Spot each line in the records below where the word "ezdxf" occurs, then copy it.

■ Data to use
★ ★ ★ ★ ★ ★ ★
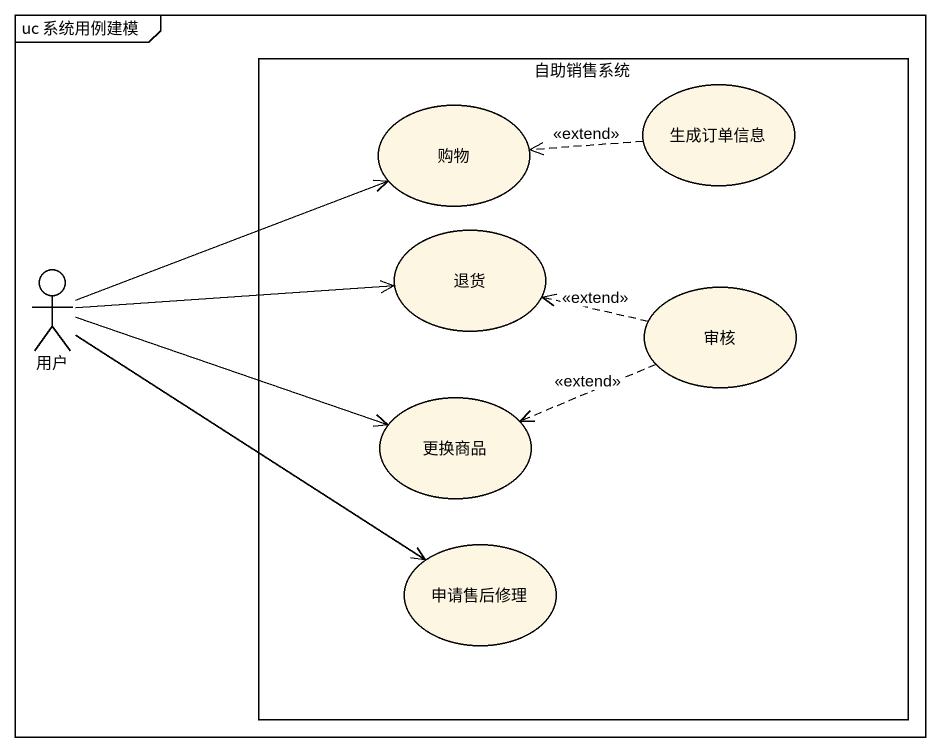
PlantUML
@startuml
mainframe uc 系统用例建模
rectangle 自助销售系统 {
  usecase 生成订单信息
  usecase 购物
  usecase 退货
  usecase 审核
  usecase 更换商品
  usecase 申请售后修理
}
actor 用户
生成订单信息 .left.> 购物 : <<extend>>
用户 -right-> 购物
用户 -right-> 退货
用户 -right-> 更换商品
用户 --> 申请售后修理
审核 .left.> 退货 : <<extend>>
审核 .left.> 更换商品 : <<extend>>
@enduml
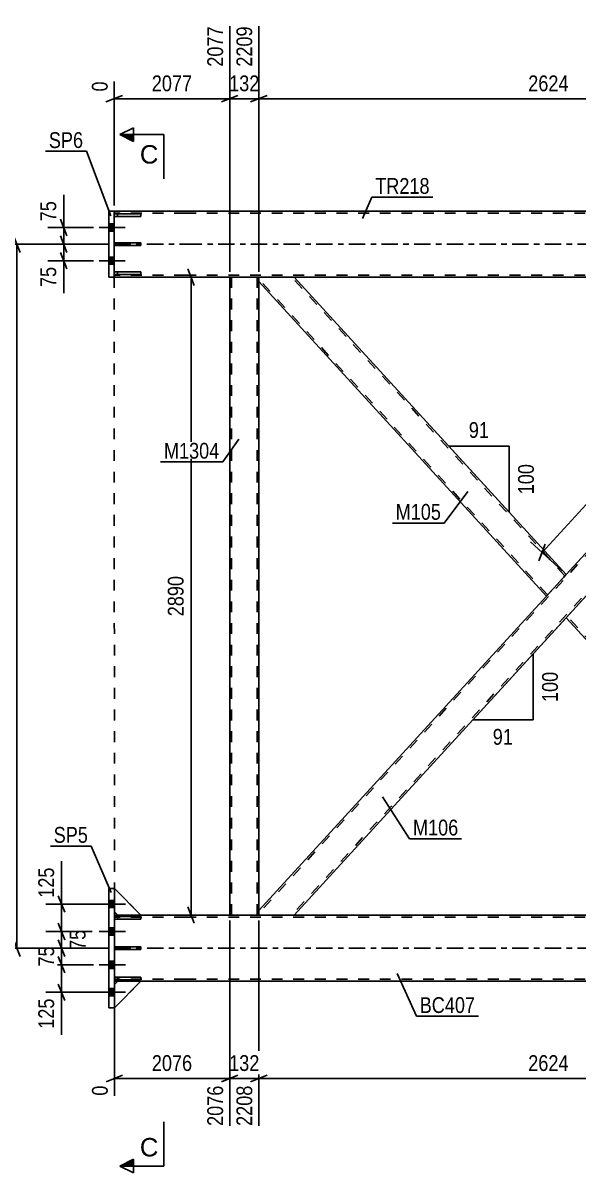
# Model space of a CAD drawing. Header units: millimetres. Extents: x 0 to 841, y 0 to 594.
# Drawn here: x 119.9 to 220.5, y 259.9 to 468.3 of the extents above; entities that cross this region are included whole.
import ezdxf

# ---------------------------------------------------------------- set-up
doc = ezdxf.new("R2010")
doc.units = ezdxf.units.MM
doc.linetypes.add('DXK_LINE_DOT2', pattern=[3.9198, 1.9599, -1.9599])
doc.linetypes.add('DXK_LINE_DOT3', pattern=[5.9187, 2.979, -0.9799, 0.9799, -0.9799])
doc.styles.add('Arial', font='ARIAL.TTF', dxfattribs={"height": 0.2})
doc.styles.add('Arial Narrow', font='ARIALN.TTF', dxfattribs={"height": 0.2})

# ---------------------------------------------------------------- blocks, each defined once
blk = doc.blocks.new('Part-122569972-3623 - 3380')
at = {"color": 2, "linetype": 'Continuous'}
for p, q in [((162.64, 421.44), (162.64, 422.24)), ((214.76, 364.44), (162.64, 421.44)), ((218.33, 368.35), (169.06, 422.24)), ((217.9, 367.88), (214.76, 364.44)), ((218.21, 368.22), (217.9, 367.88)), ((218.33, 368.35), (218.21, 368.22))]:
    blk.add_line(p, q, dxfattribs=at)
at = {"color": 7, "linetype": 'DXK_LINE_DOT2'}
for p, q in [((169.06, 422.24), (162.64, 422.24)), ((214.97, 364.68), (162.64, 421.92)), ((218.12, 368.12), (168.63, 422.24)), ((218.07, 368.06), (217.9, 367.88)), ((218.21, 368.22), (218.12, 368.12)), ((214.97, 364.68), (214.99, 364.7))]:
    blk.add_line(p, q, dxfattribs=at)
blk = doc.blocks.new('Part-122569972-3493 - 3380')
at = {"color": 7, "linetype": 'DXK_LINE_DOT2'}
for p, q in [((141.26, 306.38), (136.46, 306.38)), ((136.46, 306.38), (136.46, 305.9)), ((136.46, 305.9), (141.26, 305.9)), ((137.06, 305.9), (137.06, 306.38)), ((141.26, 305.9), (141.26, 306.38))]:
    blk.add_line(p, q, dxfattribs=at)
blk = doc.blocks.new('Part-122569972-3494 - 3380')
at = {"color": 7, "linetype": 'DXK_LINE_DOT2'}
for p, q in [((141.26, 300.88), (136.46, 300.88)), ((136.46, 300.88), (136.46, 300.4)), ((136.46, 300.4), (141.26, 300.4)), ((137.06, 300.4), (137.06, 300.88)), ((141.26, 300.4), (141.26, 300.88))]:
    blk.add_line(p, q, dxfattribs=at)
blk = doc.blocks.new('Bolt-122569972-3430 - 3380')
at = {"linetype": 'Continuous'}
for points in [[(135.46, 309.3), (135.46, 307.98), (136.46, 307.98), (136.46, 309.3)], [(135.46, 309.3), (135.46, 307.98), (136.46, 307.98), (136.46, 309.3)], [(135.46, 309.3), (135.46, 307.98), (136.46, 307.98), (136.46, 309.3)], [(135.46, 304.3), (135.46, 302.98), (136.46, 302.98), (136.46, 304.3)], [(135.46, 304.3), (135.46, 302.98), (136.46, 302.98), (136.46, 304.3)], [(135.46, 298.3), (135.46, 296.98), (136.46, 296.98), (136.46, 298.3)], [(135.46, 298.3), (135.46, 296.98), (136.46, 296.98), (136.46, 298.3)], [(135.46, 293.3), (135.46, 291.98), (136.46, 291.98), (136.46, 293.3)], [(135.46, 293.3), (135.46, 291.98), (136.46, 291.98), (136.46, 293.3)], [(135.46, 293.3), (135.46, 291.98), (136.46, 291.98), (136.46, 293.3)]]:
    blk.add_hatch(color=1, dxfattribs=at).paths.add_polyline_path(points)
at = {"color": 1, "linetype": 'Continuous'}
for p, q in [((133.7, 308.64), (138.46, 308.64)), ((133.7, 308.64), (138.46, 308.64)), ((133.7, 308.64), (138.46, 308.64)), ((135.46, 309.3), (136.46, 309.3)), ((135.46, 309.3), (136.46, 309.3)), ((135.46, 309.3), (136.46, 309.3)), ((135.46, 307.98), (136.46, 307.98)), ((135.46, 307.98), (136.46, 307.98)), ((135.46, 307.98), (136.46, 307.98)), ((133.7, 303.64), (138.46, 303.64)), ((133.7, 303.64), (138.46, 303.64)), ((135.46, 304.3), (136.46, 304.3)), ((135.46, 304.3), (136.46, 304.3)), ((135.46, 302.98), (136.46, 302.98)), ((135.46, 302.98), (136.46, 302.98)), ((135.46, 298.3), (136.46, 298.3)), ((135.46, 298.3), (136.46, 298.3)), ((133.7, 297.64), (138.46, 297.64)), ((133.7, 297.64), (138.46, 297.64)), ((135.46, 296.98), (136.46, 296.98)), ((135.46, 296.98), (136.46, 296.98)), ((133.7, 292.64), (138.46, 292.64)), ((133.7, 292.64), (138.46, 292.64)), ((133.7, 292.64), (138.46, 292.64)), ((135.46, 293.3), (136.46, 293.3)), ((135.46, 293.3), (136.46, 293.3)), ((135.46, 293.3), (136.46, 293.3)), ((135.46, 291.98), (136.46, 291.98)), ((135.46, 291.98), (136.46, 291.98)), ((135.46, 291.98), (136.46, 291.98))]:
    blk.add_line(p, q, dxfattribs=at)
blk = doc.blocks.new('Part-122569972-3495 - 3380')
at = {"color": 2, "linetype": 'Continuous'}
for p, q in [((136.46, 294.9), (136.46, 295.38)), ((136.46, 295.38), (141.26, 295.38)), ((141.26, 294.9), (136.46, 294.9)), ((141.26, 295.38), (141.26, 294.9))]:
    blk.add_line(p, q, dxfattribs=at)
at = {"color": 7, "linetype": 'DXK_LINE_DOT2'}
blk.add_line((137.06, 294.9), (137.06, 295.38), dxfattribs=at)
blk = doc.blocks.new('Bolt-122569972-3431 - 3380')
at = {"linetype": 'Continuous'}
for points in [[(135.44, 431.9), (135.44, 430.58), (136.44, 430.58), (136.44, 431.9)], [(135.44, 431.9), (135.44, 430.58), (136.44, 430.58), (136.44, 431.9)], [(135.44, 425.9), (135.44, 424.58), (136.44, 424.58), (136.44, 425.9)], [(135.44, 425.9), (135.44, 424.58), (136.44, 424.58), (136.44, 425.9)]]:
    blk.add_hatch(color=1, dxfattribs=at).paths.add_polyline_path(points)
at = {"color": 1, "linetype": 'Continuous'}
for p, q in [((135.44, 431.9), (136.44, 431.9)), ((135.44, 431.9), (136.44, 431.9)), ((133.68, 431.24), (138.44, 431.24)), ((133.68, 431.24), (138.44, 431.24)), ((135.44, 430.58), (136.44, 430.58)), ((135.44, 430.58), (136.44, 430.58)), ((133.68, 425.24), (138.44, 425.24)), ((133.68, 425.24), (138.44, 425.24)), ((135.44, 425.9), (136.44, 425.9)), ((135.44, 425.9), (136.44, 425.9)), ((135.44, 424.58), (136.44, 424.58)), ((135.44, 424.58), (136.44, 424.58))]:
    blk.add_line(p, q, dxfattribs=at)
blk = doc.blocks.new('Part-122569972-3496 - 3380')
at = {"color": 2, "linetype": 'Continuous'}
for p, q in [((136.46, 305.9), (136.46, 306.38)), ((136.46, 306.38), (141.26, 306.38)), ((141.26, 305.9), (136.46, 305.9)), ((141.26, 306.38), (141.26, 305.9))]:
    blk.add_line(p, q, dxfattribs=at)
at = {"color": 7, "linetype": 'DXK_LINE_DOT2'}
blk.add_line((137.06, 305.9), (137.06, 306.38), dxfattribs=at)
blk = doc.blocks.new('Part-122569972-3497 - 3380')
at = {"color": 2, "linetype": 'Continuous'}
for p, q in [((136.46, 300.4), (136.46, 300.88)), ((136.46, 300.88), (141.26, 300.88)), ((141.26, 300.4), (136.46, 300.4)), ((141.26, 300.88), (141.26, 300.4))]:
    blk.add_line(p, q, dxfattribs=at)
at = {"color": 7, "linetype": 'DXK_LINE_DOT2'}
blk.add_line((137.06, 300.4), (137.06, 300.88), dxfattribs=at)
blk = doc.blocks.new('Part-122569972-3498 - 3380')
at = {"color": 2, "linetype": 'Continuous'}
for p, q in [((136.46, 307.24), (136.46, 311.44)), ((136.46, 311.44), (141.26, 306.64)), ((137.06, 306.64), (136.46, 307.24)), ((141.26, 306.64), (137.06, 306.64))]:
    blk.add_line(p, q, dxfattribs=at)
blk = doc.blocks.new('Part-122569972-3438 - 3380')
at = {"color": 2, "linetype": 'Continuous'}
for p, q in [((136.46, 306.64), (137.06, 306.64)), ((149.26, 306.64), (141.26, 306.64)), ((270.17, 306.64), (149.36, 306.64)), ((137.06, 294.64), (136.46, 294.64)), ((149.26, 294.64), (141.26, 294.64)), ((637.31, 294.64), (149.36, 294.64))]:
    blk.add_line(p, q, dxfattribs=at)
at = {"color": 7, "linetype": 'DXK_LINE_DOT2'}
for p, q in [((136.46, 294.64), (136.46, 306.64)), ((137.06, 306.64), (141.26, 306.64)), ((149.26, 306.24), (136.46, 306.24)), ((637.31, 306.24), (149.36, 306.24)), ((149.26, 295.04), (136.46, 295.04)), ((141.26, 294.64), (137.06, 294.64)), ((637.31, 295.04), (149.36, 295.04))]:
    blk.add_line(p, q, dxfattribs=at)
at = {"color": 7, "linetype": 'DXK_LINE_DOT3'}
for p, q in [((136.46, 300.64), (149.26, 300.64)), ((149.36, 300.64), (637.31, 300.64))]:
    blk.add_line(p, q, dxfattribs=at)
blk = doc.blocks.new('Part-122569972-3443 - 3380')
at = {"color": 2, "linetype": 'Continuous'}
for p, q in [((149.26, 434.24), (136.44, 434.24)), ((274.67, 434.24), (149.36, 434.24)), ((149.26, 422.24), (136.44, 422.24)), ((637.31, 422.24), (149.36, 422.24))]:
    blk.add_line(p, q, dxfattribs=at)
at = {"color": 7, "linetype": 'DXK_LINE_DOT2'}
for p, q in [((136.44, 422.24), (136.44, 434.24)), ((149.26, 433.84), (136.44, 433.84)), ((637.31, 433.84), (149.36, 433.84)), ((149.26, 422.64), (136.44, 422.64)), ((637.31, 422.64), (149.36, 422.64))]:
    blk.add_line(p, q, dxfattribs=at)
at = {"color": 7, "linetype": 'DXK_LINE_DOT3'}
for p, q in [((136.44, 428.24), (149.26, 428.24)), ((149.36, 428.24), (637.31, 428.24))]:
    blk.add_line(p, q, dxfattribs=at)
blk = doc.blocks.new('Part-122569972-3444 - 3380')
★ ★ ★ ★ ★ ★ ★
■ Exercise response
import ezdxf
doc = ezdxf.new("R2010")
doc.units = ezdxf.units.MM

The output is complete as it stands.